I discovered something interesting about Gemini’s API, especially when compared to OpenAI’s API. OpenAI’s approach is very straightforward. You can include user messages, assistant messages, or system messages in your message array, and the API knows how to handle each one. System messages, for instance, act as a knowledge base for the AI, while user messages are inputs from the user, and assistant messages serve as hints or prompts for the AI to respond. It’s simple and consistent.
However, with Google Gemini, the system messages don’t quite work the same way. In Gemini’s API, you can include system instructions, but only once at the very beginning of the conversation when you’re queuing up the model. The problem is that these system instructions can be easily overridden as the conversation progresses. For example, you could set a system instruction specifying the exact time of day, but if the user later says, “No, it’s 3:00 p.m.,” the assistant will adopt the user’s input and continue the conversation as if it were 3:00 p.m. This behavior makes the system instructions less reliable.
What’s even more concerning is how Gemini handles logic within a conversation. Suppose the system message specifies that the time is 1:00 p.m. If you ask the assistant what time it is, it will respond with “1:00 p.m.” as instructed. But if you check again later when it’s actually 2:00 p.m., the assistant might respond with “1:05 p.m.” It seems to ignore its system instructions and instead tries to infer time progression based on its previous responses, which can lead to inaccuracies. This is problematic because the assistant isn’t referencing the original system instruction; it’s essentially making things up based on its last interaction.

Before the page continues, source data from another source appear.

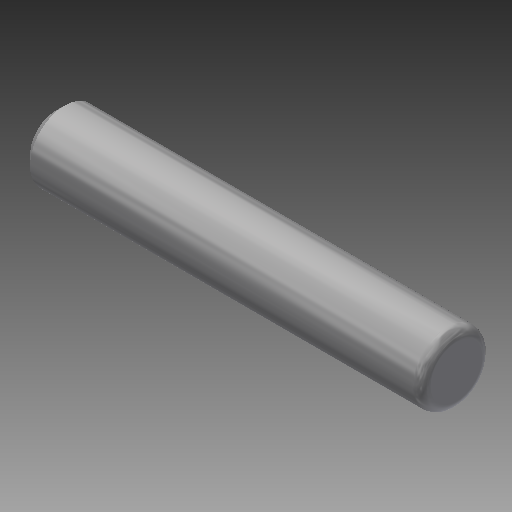
# Autodesk Inventor part: Shaft
Saved by Autodesk Inventor 2017 (Build 210142000, 142)
## iProperties
Created: 2016-12-06
Part Number: Shaft
Material: Steel
Document SubType Name: Modeling
Designer: aesen
Density: 1 g/cm^3
Appearance: Steel
CustomPartVersion: 1
Author: aesen
Autodesk Inventor part; units mm, degrees
ref_plane "Start Plane" through (0, 0, 0) normal (1, 0, 0) x (0, 1, 0)
ref_plane "XZ Plane" through (0, 0, 0) normal (0, 1, 0) x (-1, 0, 0)
ref_plane "XY Plane" through (0, 0, 0) normal (0, 0, 1) x (1, 0, 0)
sketch "Main Sketch" plane through (0, 0, 0) normal (0, 0, 1) x (1, 0, 0)
  line L0 (0, 0) -> (109.7534, 0)
  line L1 (0, 0) -> (0, 9.525)
  line L2 (109.7534, 9.525) -> (109.7534, 0)
  line L3 (0, 9.525) -> (109.7534, 9.525)
  dimension "d3" = 19.05
  constraints: 8 end point, 3 horizontal, 2 vertical
  measures "d3" diameter of L3 L0
revolve "Revolution1" add sketch "Main Sketch" angle 360 about axis through (0, 0, 0) along (1, 0, 0)
chamfer "Chamfer1" distance 2.54 angle 45 1 edges at (0, -9.525, 0) measured on face at (73.1689, 9.4941, -0.7664)
fillet "Fillet1" radius 2.54 1 edges at (109.7534, -9.525, 0)
body "Solid1"
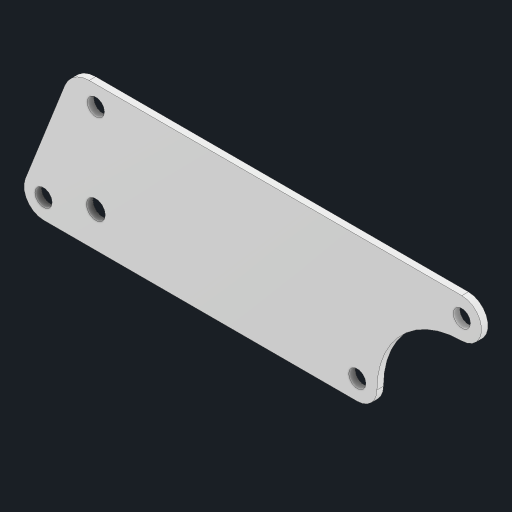
# Autodesk Inventor part: intake_base_outer
Saved by Autodesk Inventor 2024 (Build 280153000, 153)
## iProperties
Created: 2023-08-21
Part Number: intake_base_outer
Material: Acetal Resin, White
Document SubType Name: Modeling
Designer: Averey
Density: 1.425 g/cm^3
Appearance: Smooth - White
Author: Averey
Autodesk Inventor part; units mm, degrees
ref_plane "YZ Plane" through (0, 0, 0) normal (1, 0, 0) x (0, 1, 0)
ref_plane "XZ Plane" through (0, 0, 0) normal (0, 1, 0) x (-1, 0, 0)
ref_plane "XY Plane" through (0, 0, 0) normal (0, 0, 1) x (1, 0, 0)
sketch "Sketch1" plane through (0, 0, 0) normal (0, 0, 1) x (1, 0, 0)
  arc A0 (79.7785, -14.0465) -> (84.541, -9.284) centre (79.7785, -9.284) ccw
  circle A1 centre (3.5785, -9.284) radius 2.0955
  circle A2 centre (79.7785, -9.284) radius 2.0955
  arc A3 (84.541, 16.116) -> (79.7785, 20.8785) centre (79.7785, 16.116) ccw
  line L0 (23.4149, 20.8785) -> (79.7785, 20.8785)
  line L1 (84.541, 16.116) -> (84.541, -9.284)
  line L2 (79.7785, -14.0465) -> (3.5785, -14.0465)
  arc A4 (3.4793, -14.0455) -> (3.5785, -14.0465) centre (3.5785, -9.284) ccw
  arc A5 (-0.8541, -7.5424) -> (3.5785, -14.0465) centre (3.5785, -9.284) ccw
  line L3 (-0.8541, -7.5424) -> (8.7305, 16.8507)
  line L4 (23.4149, 20.8785) -> (14.6406, 20.8785)
  arc A6 (14.6406, 20.8785) -> (8.7305, 16.8507) centre (14.6406, 14.5285) ccw
  circle A7 centre (79.7785, 16.116) radius 2.0955
  point P0 (0, 0)
  point P1 (3.4793, -14.0455)
  dimension "d1" = 4.191
  dimension "d5" = 9.525
  dimension "d6" = 6.35
  dimension "d9" = 4.191
  constraints: 10 end point, 10 point on circle, 8 centre point, 6 tangent, 4 coincident, 1 horizontal, 1 perpendicular, 2 other
  measures "d1" diameter of A2
  measures "d5" diameter of A4
  measures "d6" radius of A6
  measures "d9" diameter of A7
extrude "Extrusion1" add sketch "Sketch1" along normal blind 1.5875 contours L2 A4 A5 L3 A6 L4 L0 A3 L1 A0 | A7
sketch "Sketch2" plane through (41.6785, -9.284, 1.5875) normal (0, 0, 1) x (1, 0, 0)
  arc A0 (42.8625, 25.4) -> (38.1, 30.1625) centre (38.1, 25.4) ccw projected
  circle A1 centre (63.5, 25.4) radius 2.0955
  arc A2 (66.8676, 22.0324) -> (63.5, 30.1625) centre (63.5, 25.4) ccw
  line L0 (38.1, 30.1625) -> (63.5, 30.1625)
  arc A3 (38.1, -4.7625) -> (42.8625, 0) centre (38.1, 0) ccw projected
  line L1 (38.1, 30.1625) -> (-27.0379, 30.1625) projected
  line L2 (38.1, 30.1625) -> (35.3924, 30.1625)
  arc A4 (38.1, -4.7625) -> (41.4676, -3.3676) centre (38.1, 0) ccw
  line L3 (41.4676, -3.3676) -> (38.1, 30.1625)
  circle A5 centre (-25.4, 25.4) radius 2.0955
  circle A6 centre (38.1, 0) radius 2.0955 projected
  arc A7 (41.4676, -3.3676) -> (42.8625, 0) centre (38.1, 0) ccw
  arc A8 (63.5, 20.6375) -> (63.5, 30.1625) centre (63.5, 25.4) ccw
  arc A9 (63.5, 20.6375) -> (42.8625, 0) centre (63.5, 0) ccw
  circle A10 centre (-25.4, 3.81) radius 2.3114
  point P0 (-41.6785, 9.284)
  point P1 (66.8676, 22.0324)
  dimension "d15" = 9.525
  dimension "d18" = 4.191
  dimension "d22" = 4.6228
  constraints: 13 point on circle, 8 centre point, 6 end point, 3 coincident, 3 tangent, 2 concentric, 1 point on line, 1 other
  measures "d15" diameter of A2
  measures "d18" diameter of A5
  measures "d22" diameter of A10
extrude "Extrusion3" add sketch "Sketch2" against normal blind 1.5875 contours A8 A9 A3 L3 L0 A2
extrude "Extrusion4" cut sketch "Sketch2" against normal blind 1.5875 contours A5 | A10
body "Solid1"

This behavior creates additional challenges. To use Gemini effectively, you have to write your own syntax to explicitly instruct the model on how to prioritize messages. For example, you might need to include instructions like, “Prioritize this message and everything above it; do not use anything after this point to build your knowledge base.” Adding such explicit instructions takes up tokens, which can quickly add up. While you might save on tokens in some areas, you’re likely to spend more just explaining how the AI should handle its own system messages.